Referring to FIG. 6, the cam 200 defines a hole or aperture defined by the cam 200, shown as an opening 202, a first profile (e.g., slot, channel, groove, etc.), shown as a driving profile 210, and a second profile (e.g., slot, channel, groove, etc.), shown as an operating profile 250. A bearing 152 is located in the opening 202 and supports the cam 200 while permitting rotation of the cam 200 relative to the base 110. The cam 200 and the bearing 152 may be coupled to the base 110 by a fastener 154. The driving profile 210 is configured to receive the cam driver 166 coupled to the link 160, and the operating cam profile 250 is configured to receive the cam follower 140 coupled to the operating rod 130. Accordingly, the mechanical linkage 150 operatively couples the solenoid 120 to the operating rod 130. According to various alternative embodiments, the cam 200 may be replaced by a multi-bar linkage mechanism.

The driving profile 210 is shown to have an inner contour 213 and an outer contour 214 and to comprise a plurality of segments, shown as a first segment 221, a second segment 222, a third segment 223, and a fourth segment 224. The first segment 221 extends at an angle from the second segment 222 to a first end 216. The first segment 221 and the second segment 222 form an outwardly convex first corner 231 of the inner contour 213 and form an inwardly concave first corner 241 of the outer contour 214. The second segment 222 and the third segment 223 are substantially continuous and follow a somewhat circumferential path around opening 202. The fourth segment 224 extends at an angle from the third segment 223 to a second end 218. The fourth segment 224 and the third segment 223 form an outwardly convex second corner 232 of the inner contour 213 and form an inwardly concave second corner 242 of the outer contour 214.

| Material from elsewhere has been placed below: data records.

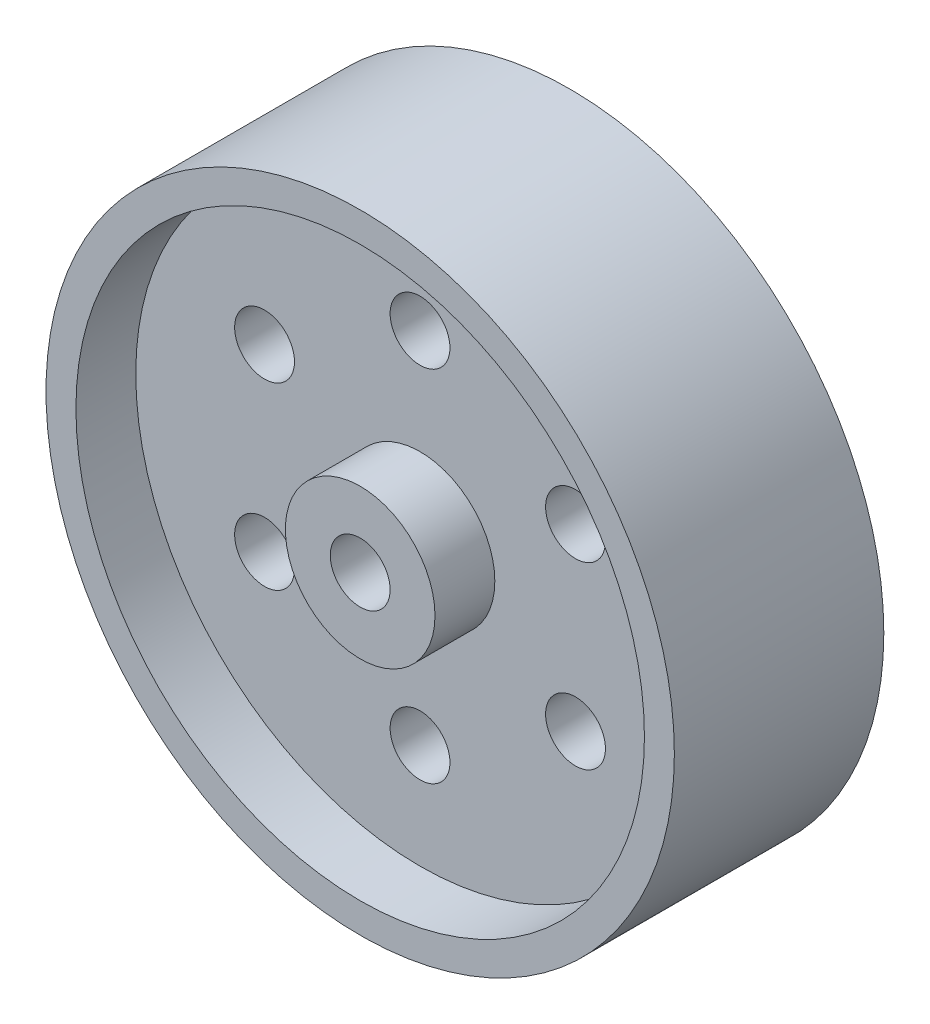
ISO-10303-21;
HEADER;
FILE_DESCRIPTION(('STEP AP214'),'2;1');
FILE_NAME('part.step','',(''),(''),'','','');
FILE_SCHEMA(('AUTOMOTIVE_DESIGN { 1 0 10303 214 1 1 1 1 }'));
ENDSEC;
DATA;
#1=APPLICATION_CONTEXT('core data for automotive mechanical design processes');
#2=APPLICATION_PROTOCOL_DEFINITION('international standard','automotive_design',2000,#1);
#3=PRODUCT_CONTEXT('',#1,'mechanical');
#4=PRODUCT('Part','Part','',(#3));
#5=PRODUCT_RELATED_PRODUCT_CATEGORY('part','',(#4));
#6=PRODUCT_DEFINITION_FORMATION('','',#4);
#7=PRODUCT_DEFINITION_CONTEXT('part definition',#1,'design');
#8=PRODUCT_DEFINITION('design','',#6,#7);
#9=PRODUCT_DEFINITION_SHAPE('','',#8);
#10=(LENGTH_UNIT() NAMED_UNIT(*) SI_UNIT(.MILLI.,.METRE.));
#11=(NAMED_UNIT(*) PLANE_ANGLE_UNIT() SI_UNIT($,.RADIAN.));
#12=(NAMED_UNIT(*) SI_UNIT($,.STERADIAN.) SOLID_ANGLE_UNIT());
#13=UNCERTAINTY_MEASURE_WITH_UNIT(LENGTH_MEASURE(1.E-05),#10,'distance_accuracy_value','');
#14=(GEOMETRIC_REPRESENTATION_CONTEXT(3) GLOBAL_UNCERTAINTY_ASSIGNED_CONTEXT((#13)) GLOBAL_UNIT_ASSIGNED_CONTEXT((#10,
#11,#12)) REPRESENTATION_CONTEXT('',''));
#15=CARTESIAN_POINT('',(0.,0.,0.));
#16=DIRECTION('',(0.,0.,1.));
#17=DIRECTION('',(1.,0.,0.));
#18=AXIS2_PLACEMENT_3D('',#15,#16,#17);
#19=CARTESIAN_POINT('',(0.,0.,26.8716640502355));
#20=DIRECTION('',(0.,0.,1.));
#21=DIRECTION('',(1.,0.,0.));
#22=AXIS2_PLACEMENT_3D('',#19,#20,#21);
#23=CYLINDRICAL_SURFACE('',#22,5.);
#24=CARTESIAN_POINT('',(0.,0.,7.));
#25=DIRECTION('',(0.,0.,1.));
#26=DIRECTION('',(1.,0.,0.));
#27=AXIS2_PLACEMENT_3D('',#24,#25,#26);
#28=CIRCLE('',#27,5.);
#29=CARTESIAN_POINT('',(5.,0.,7.));
#30=VERTEX_POINT('',#29);
#31=EDGE_CURVE('E10',#30,#30,#28,.T.);
#32=ORIENTED_EDGE('',*,*,#31,.F.);
#33=EDGE_LOOP('',(#32));
#34=FACE_BOUND('',#33,.T.);
#35=CARTESIAN_POINT('',(0.,0.,3.));
#36=DIRECTION('',(0.,0.,1.));
#37=DIRECTION('',(1.,0.,0.));
#38=AXIS2_PLACEMENT_3D('',#35,#36,#37);
#39=CIRCLE('',#38,5.);
#40=CARTESIAN_POINT('',(5.,0.,3.));
#41=VERTEX_POINT('',#40);
#42=EDGE_CURVE('E83',#41,#41,#39,.T.);
#43=ORIENTED_EDGE('',*,*,#42,.T.);
#44=EDGE_LOOP('',(#43));
#45=FACE_BOUND('',#44,.T.);
#46=ADVANCED_FACE('F35',(#34,#45),#23,.T.);
#47=CARTESIAN_POINT('',(0.,2.,7.));
#48=DIRECTION('',(0.,0.,-1.));
#49=DIRECTION('',(-1.,0.,0.));
#50=AXIS2_PLACEMENT_3D('',#47,#48,#49);
#51=PLANE('',#50);
#52=CARTESIAN_POINT('',(0.,0.,7.));
#53=DIRECTION('',(0.,0.,1.));
#54=DIRECTION('',(1.,0.,0.));
#55=AXIS2_PLACEMENT_3D('',#52,#53,#54);
#56=CIRCLE('',#55,2.);
#57=CARTESIAN_POINT('',(2.,0.,7.));
#58=VERTEX_POINT('',#57);
#59=EDGE_CURVE('E42',#58,#58,#56,.T.);
#60=ORIENTED_EDGE('',*,*,#59,.F.);
#61=EDGE_LOOP('',(#60));
#62=FACE_BOUND('',#61,.T.);
#63=ORIENTED_EDGE('',*,*,#31,.T.);
#64=EDGE_LOOP('',(#63));
#65=FACE_BOUND('',#64,.T.);
#66=ADVANCED_FACE('F111',(#62,#65),#51,.F.);
#67=CARTESIAN_POINT('',(0.,0.,26.8716640502355));
#68=DIRECTION('',(0.,0.,1.));
#69=DIRECTION('',(1.,0.,0.));
#70=AXIS2_PLACEMENT_3D('',#67,#68,#69);
#71=CYLINDRICAL_SURFACE('',#70,2.);
#72=CARTESIAN_POINT('',(0.,0.,-3.));
#73=DIRECTION('',(0.,0.,1.));
#74=DIRECTION('',(1.,0.,0.));
#75=AXIS2_PLACEMENT_3D('',#72,#73,#74);
#76=CIRCLE('',#75,2.);
#77=CARTESIAN_POINT('',(2.,0.,-3.));
#78=VERTEX_POINT('',#77);
#79=EDGE_CURVE('E47',#78,#78,#76,.T.);
#80=ORIENTED_EDGE('',*,*,#79,.F.);
#81=EDGE_LOOP('',(#80));
#82=FACE_BOUND('',#81,.T.);
#83=ORIENTED_EDGE('',*,*,#59,.T.);
#84=EDGE_LOOP('',(#83));
#85=FACE_BOUND('',#84,.T.);
#86=ADVANCED_FACE('F108',(#82,#85),#71,.F.);
#87=CARTESIAN_POINT('',(0.,2.,-3.));
#88=DIRECTION('',(0.,0.,1.));
#89=DIRECTION('',(1.,0.,0.));
#90=AXIS2_PLACEMENT_3D('',#87,#88,#89);
#91=PLANE('',#90);
#92=CARTESIAN_POINT('',(0.,12.,-3.));
#93=DIRECTION('',(0.,0.,1.));
#94=DIRECTION('',(1.,0.,0.));
#95=AXIS2_PLACEMENT_3D('',#92,#93,#94);
#96=CIRCLE('',#95,2.);
#97=CARTESIAN_POINT('',(2.,12.,-3.));
#98=VERTEX_POINT('',#97);
#99=EDGE_CURVE('E80',#98,#98,#96,.T.);
#100=ORIENTED_EDGE('',*,*,#99,.T.);
#101=EDGE_LOOP('',(#100));
#102=FACE_BOUND('',#101,.T.);
#103=CARTESIAN_POINT('',(-10.392304845413,5.99999999999955,-3.));
#104=DIRECTION('',(0.,0.,1.));
#105=DIRECTION('',(1.,0.,0.));
#106=AXIS2_PLACEMENT_3D('',#103,#104,#105);
#107=CIRCLE('',#106,2.00000000000052);
#108=CARTESIAN_POINT('',(-8.3923048454125,5.99999999999955,-3.));
#109=VERTEX_POINT('',#108);
#110=EDGE_CURVE('E68',#109,#109,#107,.T.);
#111=ORIENTED_EDGE('',*,*,#110,.T.);
#112=EDGE_LOOP('',(#111));
#113=FACE_BOUND('',#112,.T.);
#114=CARTESIAN_POINT('',(-10.3923048454125,-6.00000000000045,-3.));
#115=DIRECTION('',(0.,0.,1.));
#116=DIRECTION('',(1.,0.,0.));
#117=AXIS2_PLACEMENT_3D('',#114,#115,#116);
#118=CIRCLE('',#117,2.00000000000097);
#119=CARTESIAN_POINT('',(-8.39230484541153,-6.00000000000045,-3.));
#120=VERTEX_POINT('',#119);
#121=EDGE_CURVE('E65',#120,#120,#118,.T.);
#122=ORIENTED_EDGE('',*,*,#121,.T.);
#123=EDGE_LOOP('',(#122));
#124=FACE_BOUND('',#123,.T.);
#125=CARTESIAN_POINT('',(1.01877281101761E-12,-12.,-3.));
#126=DIRECTION('',(0.,0.,1.));
#127=DIRECTION('',(1.,0.,0.));
#128=AXIS2_PLACEMENT_3D('',#125,#126,#127);
#129=CIRCLE('',#128,2.00000000000105);
#130=CARTESIAN_POINT('',(2.00000000000207,-12.,-3.));
#131=VERTEX_POINT('',#130);
#132=EDGE_CURVE('E62',#131,#131,#129,.T.);
#133=ORIENTED_EDGE('',*,*,#132,.T.);
#134=EDGE_LOOP('',(#133));
#135=FACE_BOUND('',#134,.T.);
#136=CARTESIAN_POINT('',(10.392304845414,-5.99999999999956,-3.));
#137=DIRECTION('',(0.,0.,1.));
#138=DIRECTION('',(1.,0.,0.));
#139=AXIS2_PLACEMENT_3D('',#136,#137,#138);
#140=CIRCLE('',#139,2.00000000000066);
#141=CARTESIAN_POINT('',(12.3923048454147,-5.99999999999956,-3.));
#142=VERTEX_POINT('',#141);
#143=EDGE_CURVE('E58',#142,#142,#140,.T.);
#144=ORIENTED_EDGE('',*,*,#143,.T.);
#145=EDGE_LOOP('',(#144));
#146=FACE_BOUND('',#145,.T.);
#147=CARTESIAN_POINT('',(10.3923048454135,6.00000000000045,-3.));
#148=DIRECTION('',(0.,0.,1.));
#149=DIRECTION('',(1.,0.,0.));
#150=AXIS2_PLACEMENT_3D('',#147,#148,#149);
#151=CIRCLE('',#150,2.00000000000014);
#152=CARTESIAN_POINT('',(12.3923048454137,6.00000000000045,-3.));
#153=VERTEX_POINT('',#152);
#154=EDGE_CURVE('E54',#153,#153,#151,.T.);
#155=ORIENTED_EDGE('',*,*,#154,.T.);
#156=EDGE_LOOP('',(#155));
#157=FACE_BOUND('',#156,.T.);
#158=CARTESIAN_POINT('',(0.,0.,-3.));
#159=DIRECTION('',(0.,0.,1.));
#160=DIRECTION('',(1.,0.,0.));
#161=AXIS2_PLACEMENT_3D('',#158,#159,#160);
#162=CIRCLE('',#161,15.);
#163=CARTESIAN_POINT('',(15.,0.,-3.));
#164=VERTEX_POINT('',#163);
#165=EDGE_CURVE('E101',#164,#164,#162,.T.);
#166=ORIENTED_EDGE('',*,*,#165,.F.);
#167=EDGE_LOOP('',(#166));
#168=FACE_BOUND('',#167,.T.);
#169=ORIENTED_EDGE('',*,*,#79,.T.);
#170=EDGE_LOOP('',(#169));
#171=FACE_BOUND('',#170,.T.);
#172=ADVANCED_FACE('F106',(#102,#113,#124,#135,#146,#157,#168,#171),#91,.F.);
#173=CARTESIAN_POINT('',(0.,0.,26.8716640502355));
#174=DIRECTION('',(0.,0.,1.));
#175=DIRECTION('',(1.,0.,0.));
#176=AXIS2_PLACEMENT_3D('',#173,#174,#175);
#177=CYLINDRICAL_SURFACE('',#176,15.);
#178=CARTESIAN_POINT('',(0.,0.,-7.));
#179=DIRECTION('',(0.,0.,1.));
#180=DIRECTION('',(1.,0.,0.));
#181=AXIS2_PLACEMENT_3D('',#178,#179,#180);
#182=CIRCLE('',#181,15.);
#183=CARTESIAN_POINT('',(15.,0.,-7.));
#184=VERTEX_POINT('',#183);
#185=EDGE_CURVE('E98',#184,#184,#182,.T.);
#186=ORIENTED_EDGE('',*,*,#185,.F.);
#187=EDGE_LOOP('',(#186));
#188=FACE_BOUND('',#187,.T.);
#189=ORIENTED_EDGE('',*,*,#165,.T.);
#190=EDGE_LOOP('',(#189));
#191=FACE_BOUND('',#190,.T.);
#192=ADVANCED_FACE('F123',(#188,#191),#177,.F.);
#193=CARTESIAN_POINT('',(0.,21.,-7.));
#194=DIRECTION('',(0.,0.,1.));
#195=DIRECTION('',(1.,0.,0.));
#196=AXIS2_PLACEMENT_3D('',#193,#194,#195);
#197=PLANE('',#196);
#198=CARTESIAN_POINT('',(0.,0.,-7.));
#199=DIRECTION('',(0.,0.,1.));
#200=DIRECTION('',(1.,0.,0.));
#201=AXIS2_PLACEMENT_3D('',#198,#199,#200);
#202=CIRCLE('',#201,21.);
#203=CARTESIAN_POINT('',(21.,0.,-7.));
#204=VERTEX_POINT('',#203);
#205=EDGE_CURVE('E95',#204,#204,#202,.T.);
#206=ORIENTED_EDGE('',*,*,#205,.F.);
#207=EDGE_LOOP('',(#206));
#208=FACE_BOUND('',#207,.T.);
#209=ORIENTED_EDGE('',*,*,#185,.T.);
#210=EDGE_LOOP('',(#209));
#211=FACE_BOUND('',#210,.T.);
#212=ADVANCED_FACE('F127',(#208,#211),#197,.F.);
#213=CARTESIAN_POINT('',(0.,0.,26.8716640502355));
#214=DIRECTION('',(0.,0.,1.));
#215=DIRECTION('',(1.,0.,0.));
#216=AXIS2_PLACEMENT_3D('',#213,#214,#215);
#217=CYLINDRICAL_SURFACE('',#216,21.);
#218=CARTESIAN_POINT('',(0.,0.,7.));
#219=DIRECTION('',(0.,0.,1.));
#220=DIRECTION('',(1.,0.,0.));
#221=AXIS2_PLACEMENT_3D('',#218,#219,#220);
#222=CIRCLE('',#221,21.);
#223=CARTESIAN_POINT('',(21.,0.,7.));
#224=VERTEX_POINT('',#223);
#225=EDGE_CURVE('E92',#224,#224,#222,.T.);
#226=ORIENTED_EDGE('',*,*,#225,.F.);
#227=EDGE_LOOP('',(#226));
#228=FACE_BOUND('',#227,.T.);
#229=ORIENTED_EDGE('',*,*,#205,.T.);
#230=EDGE_LOOP('',(#229));
#231=FACE_BOUND('',#230,.T.);
#232=ADVANCED_FACE('F131',(#228,#231),#217,.T.);
#233=CARTESIAN_POINT('',(0.,19.,7.));
#234=DIRECTION('',(0.,0.,-1.));
#235=DIRECTION('',(-1.,0.,0.));
#236=AXIS2_PLACEMENT_3D('',#233,#234,#235);
#237=PLANE('',#236);
#238=CARTESIAN_POINT('',(0.,0.,7.));
#239=DIRECTION('',(0.,0.,1.));
#240=DIRECTION('',(1.,0.,0.));
#241=AXIS2_PLACEMENT_3D('',#238,#239,#240);
#242=CIRCLE('',#241,19.);
#243=CARTESIAN_POINT('',(19.,0.,7.));
#244=VERTEX_POINT('',#243);
#245=EDGE_CURVE('E89',#244,#244,#242,.T.);
#246=ORIENTED_EDGE('',*,*,#245,.F.);
#247=EDGE_LOOP('',(#246));
#248=FACE_BOUND('',#247,.T.);
#249=ORIENTED_EDGE('',*,*,#225,.T.);
#250=EDGE_LOOP('',(#249));
#251=FACE_BOUND('',#250,.T.);
#252=ADVANCED_FACE('F135',(#248,#251),#237,.F.);
#253=CARTESIAN_POINT('',(0.,0.,26.8716640502355));
#254=DIRECTION('',(0.,0.,1.));
#255=DIRECTION('',(1.,0.,0.));
#256=AXIS2_PLACEMENT_3D('',#253,#254,#255);
#257=CYLINDRICAL_SURFACE('',#256,19.);
#258=CARTESIAN_POINT('',(0.,0.,3.));
#259=DIRECTION('',(0.,0.,1.));
#260=DIRECTION('',(1.,0.,0.));
#261=AXIS2_PLACEMENT_3D('',#258,#259,#260);
#262=CIRCLE('',#261,19.);
#263=CARTESIAN_POINT('',(19.,0.,3.));
#264=VERTEX_POINT('',#263);
#265=EDGE_CURVE('E86',#264,#264,#262,.T.);
#266=ORIENTED_EDGE('',*,*,#265,.F.);
#267=EDGE_LOOP('',(#266));
#268=FACE_BOUND('',#267,.T.);
#269=ORIENTED_EDGE('',*,*,#245,.T.);
#270=EDGE_LOOP('',(#269));
#271=FACE_BOUND('',#270,.T.);
#272=ADVANCED_FACE('F139',(#268,#271),#257,.F.);
#273=CARTESIAN_POINT('',(0.,5.,3.));
#274=DIRECTION('',(0.,0.,-1.));
#275=DIRECTION('',(-1.,0.,0.));
#276=AXIS2_PLACEMENT_3D('',#273,#274,#275);
#277=PLANE('',#276);
#278=CARTESIAN_POINT('',(0.,12.,3.));
#279=DIRECTION('',(0.,0.,-1.));
#280=DIRECTION('',(-1.,0.,0.));
#281=AXIS2_PLACEMENT_3D('',#278,#279,#280);
#282=CIRCLE('',#281,2.);
#283=CARTESIAN_POINT('',(-2.,12.,3.));
#284=VERTEX_POINT('',#283);
#285=EDGE_CURVE('E38',#284,#284,#282,.T.);
#286=ORIENTED_EDGE('',*,*,#285,.T.);
#287=EDGE_LOOP('',(#286));
#288=FACE_BOUND('',#287,.T.);
#289=CARTESIAN_POINT('',(-10.392304845413,5.99999999999955,3.));
#290=DIRECTION('',(0.,0.,-1.));
#291=DIRECTION('',(-1.,0.,0.));
#292=AXIS2_PLACEMENT_3D('',#289,#290,#291);
#293=CIRCLE('',#292,2.00000000000052);
#294=CARTESIAN_POINT('',(-12.3923048454135,5.99999999999955,3.));
#295=VERTEX_POINT('',#294);
#296=EDGE_CURVE('E66',#295,#295,#293,.T.);
#297=ORIENTED_EDGE('',*,*,#296,.T.);
#298=EDGE_LOOP('',(#297));
#299=FACE_BOUND('',#298,.T.);
#300=CARTESIAN_POINT('',(-10.3923048454125,-6.00000000000045,3.));
#301=DIRECTION('',(0.,0.,-1.));
#302=DIRECTION('',(-1.,0.,0.));
#303=AXIS2_PLACEMENT_3D('',#300,#301,#302);
#304=CIRCLE('',#303,2.00000000000097);
#305=CARTESIAN_POINT('',(-12.3923048454135,-6.00000000000045,3.));
#306=VERTEX_POINT('',#305);
#307=EDGE_CURVE('E63',#306,#306,#304,.T.);
#308=ORIENTED_EDGE('',*,*,#307,.T.);
#309=EDGE_LOOP('',(#308));
#310=FACE_BOUND('',#309,.T.);
#311=CARTESIAN_POINT('',(1.01877281101761E-12,-12.,3.));
#312=DIRECTION('',(0.,0.,-1.));
#313=DIRECTION('',(-1.,0.,0.));
#314=AXIS2_PLACEMENT_3D('',#311,#312,#313);
#315=CIRCLE('',#314,2.00000000000105);
#316=CARTESIAN_POINT('',(-2.00000000000004,-12.,3.));
#317=VERTEX_POINT('',#316);
#318=EDGE_CURVE('E59',#317,#317,#315,.T.);
#319=ORIENTED_EDGE('',*,*,#318,.T.);
#320=EDGE_LOOP('',(#319));
#321=FACE_BOUND('',#320,.T.);
#322=CARTESIAN_POINT('',(10.392304845414,-5.99999999999956,3.));
#323=DIRECTION('',(0.,0.,-1.));
#324=DIRECTION('',(-1.,0.,0.));
#325=AXIS2_PLACEMENT_3D('',#322,#323,#324);
#326=CIRCLE('',#325,2.00000000000066);
#327=CARTESIAN_POINT('',(8.39230484541337,-5.99999999999956,3.));
#328=VERTEX_POINT('',#327);
#329=EDGE_CURVE('E55',#328,#328,#326,.T.);
#330=ORIENTED_EDGE('',*,*,#329,.T.);
#331=EDGE_LOOP('',(#330));
#332=FACE_BOUND('',#331,.T.);
#333=CARTESIAN_POINT('',(10.3923048454135,6.00000000000045,3.));
#334=DIRECTION('',(0.,0.,-1.));
#335=DIRECTION('',(-1.,0.,0.));
#336=AXIS2_PLACEMENT_3D('',#333,#334,#335);
#337=CIRCLE('',#336,2.00000000000014);
#338=CARTESIAN_POINT('',(8.39230484541337,6.00000000000045,3.));
#339=VERTEX_POINT('',#338);
#340=EDGE_CURVE('E51',#339,#339,#337,.T.);
#341=ORIENTED_EDGE('',*,*,#340,.T.);
#342=EDGE_LOOP('',(#341));
#343=FACE_BOUND('',#342,.T.);
#344=ORIENTED_EDGE('',*,*,#42,.F.);
#345=EDGE_LOOP('',(#344));
#346=FACE_BOUND('',#345,.T.);
#347=ORIENTED_EDGE('',*,*,#265,.T.);
#348=EDGE_LOOP('',(#347));
#349=FACE_BOUND('',#348,.T.);
#350=ADVANCED_FACE('F143',(#288,#299,#310,#321,#332,#343,#346,#349),#277,.F.);
#351=CARTESIAN_POINT('',(10.3923048454135,6.00000000000045,-7.));
#352=DIRECTION('',(0.,0.,1.));
#353=DIRECTION('',(1.,0.,0.));
#354=AXIS2_PLACEMENT_3D('',#351,#352,#353);
#355=CYLINDRICAL_SURFACE('',#354,2.00000000000014);
#356=ORIENTED_EDGE('',*,*,#340,.F.);
#357=EDGE_LOOP('',(#356));
#358=FACE_BOUND('',#357,.T.);
#359=ORIENTED_EDGE('',*,*,#154,.F.);
#360=EDGE_LOOP('',(#359));
#361=FACE_BOUND('',#360,.T.);
#362=ADVANCED_FACE('F147',(#358,#361),#355,.F.);
#363=CARTESIAN_POINT('',(10.392304845414,-5.99999999999956,-7.));
#364=DIRECTION('',(0.,0.,1.));
#365=DIRECTION('',(1.,0.,0.));
#366=AXIS2_PLACEMENT_3D('',#363,#364,#365);
#367=CYLINDRICAL_SURFACE('',#366,2.00000000000066);
#368=ORIENTED_EDGE('',*,*,#329,.F.);
#369=EDGE_LOOP('',(#368));
#370=FACE_BOUND('',#369,.T.);
#371=ORIENTED_EDGE('',*,*,#143,.F.);
#372=EDGE_LOOP('',(#371));
#373=FACE_BOUND('',#372,.T.);
#374=ADVANCED_FACE('F157',(#370,#373),#367,.F.);
#375=CARTESIAN_POINT('',(1.01877281101761E-12,-12.,-7.));
#376=DIRECTION('',(0.,0.,1.));
#377=DIRECTION('',(1.,0.,0.));
#378=AXIS2_PLACEMENT_3D('',#375,#376,#377);
#379=CYLINDRICAL_SURFACE('',#378,2.00000000000105);
#380=ORIENTED_EDGE('',*,*,#318,.F.);
#381=EDGE_LOOP('',(#380));
#382=FACE_BOUND('',#381,.T.);
#383=ORIENTED_EDGE('',*,*,#132,.F.);
#384=EDGE_LOOP('',(#383));
#385=FACE_BOUND('',#384,.T.);
#386=ADVANCED_FACE('F153',(#382,#385),#379,.F.);
#387=CARTESIAN_POINT('',(-10.3923048454125,-6.00000000000045,-7.));
#388=DIRECTION('',(0.,0.,1.));
#389=DIRECTION('',(1.,0.,0.));
#390=AXIS2_PLACEMENT_3D('',#387,#388,#389);
#391=CYLINDRICAL_SURFACE('',#390,2.00000000000097);
#392=ORIENTED_EDGE('',*,*,#307,.F.);
#393=EDGE_LOOP('',(#392));
#394=FACE_BOUND('',#393,.T.);
#395=ORIENTED_EDGE('',*,*,#121,.F.);
#396=EDGE_LOOP('',(#395));
#397=FACE_BOUND('',#396,.T.);
#398=ADVANCED_FACE('F149',(#394,#397),#391,.F.);
#399=CARTESIAN_POINT('',(-10.392304845413,5.99999999999955,-7.));
#400=DIRECTION('',(0.,0.,1.));
#401=DIRECTION('',(1.,0.,0.));
#402=AXIS2_PLACEMENT_3D('',#399,#400,#401);
#403=CYLINDRICAL_SURFACE('',#402,2.00000000000052);
#404=ORIENTED_EDGE('',*,*,#296,.F.);
#405=EDGE_LOOP('',(#404));
#406=FACE_BOUND('',#405,.T.);
#407=ORIENTED_EDGE('',*,*,#110,.F.);
#408=EDGE_LOOP('',(#407));
#409=FACE_BOUND('',#408,.T.);
#410=ADVANCED_FACE('F152',(#406,#409),#403,.F.);
#411=CARTESIAN_POINT('',(0.,12.,-7.));
#412=DIRECTION('',(0.,0.,1.));
#413=DIRECTION('',(1.,0.,0.));
#414=AXIS2_PLACEMENT_3D('',#411,#412,#413);
#415=CYLINDRICAL_SURFACE('',#414,2.);
#416=ORIENTED_EDGE('',*,*,#285,.F.);
#417=EDGE_LOOP('',(#416));
#418=FACE_BOUND('',#417,.T.);
#419=ORIENTED_EDGE('',*,*,#99,.F.);
#420=EDGE_LOOP('',(#419));
#421=FACE_BOUND('',#420,.T.);
#422=ADVANCED_FACE('F167',(#418,#421),#415,.F.);
#423=CLOSED_SHELL('',(#46,#66,#86,#172,#192,#212,#232,#252,#272,#350,#362,#374,#386,#398,#410,#422));
#424=MANIFOLD_SOLID_BREP('B2',#423);
#425=ADVANCED_BREP_SHAPE_REPRESENTATION('',(#18,#424),#14);
#426=SHAPE_DEFINITION_REPRESENTATION(#9,#425);
ENDSEC;
END-ISO-10303-21;

The distance from the first corner 241 to the second corner 242 of the outer contour 214 is greater than the distance from the first corner 231 to the second corner 232 of inner contour 213. The first corner 231 of the inner contour 213 is closer to the longitudinal axis L of the plunger 124 than is the first corner 241 of the outer corner 214. Similarly, the second corner 232 of the inner contour 213 is closer to the longitudinal axis L of the plunger 124 than is the second corner 242 of the outer corner 214. Accordingly, when the solenoid 120 is in a de-energized state and the cam driver 166 rests in either the first corner 241 or the second corner 242 of the outer contour 214, the cam driver 166 is biased to enter the first segment 221 or the fourth segment 224, respectively, when solenoid 120 is energized. According to alternative embodiments, the driving profile 210 may comprise other shapes, e.g., a substantially V-shaped opening having a wide base such the cam driver 166 is biased to one side or the other of the fork in the V when the solenoid 120 is de-energized.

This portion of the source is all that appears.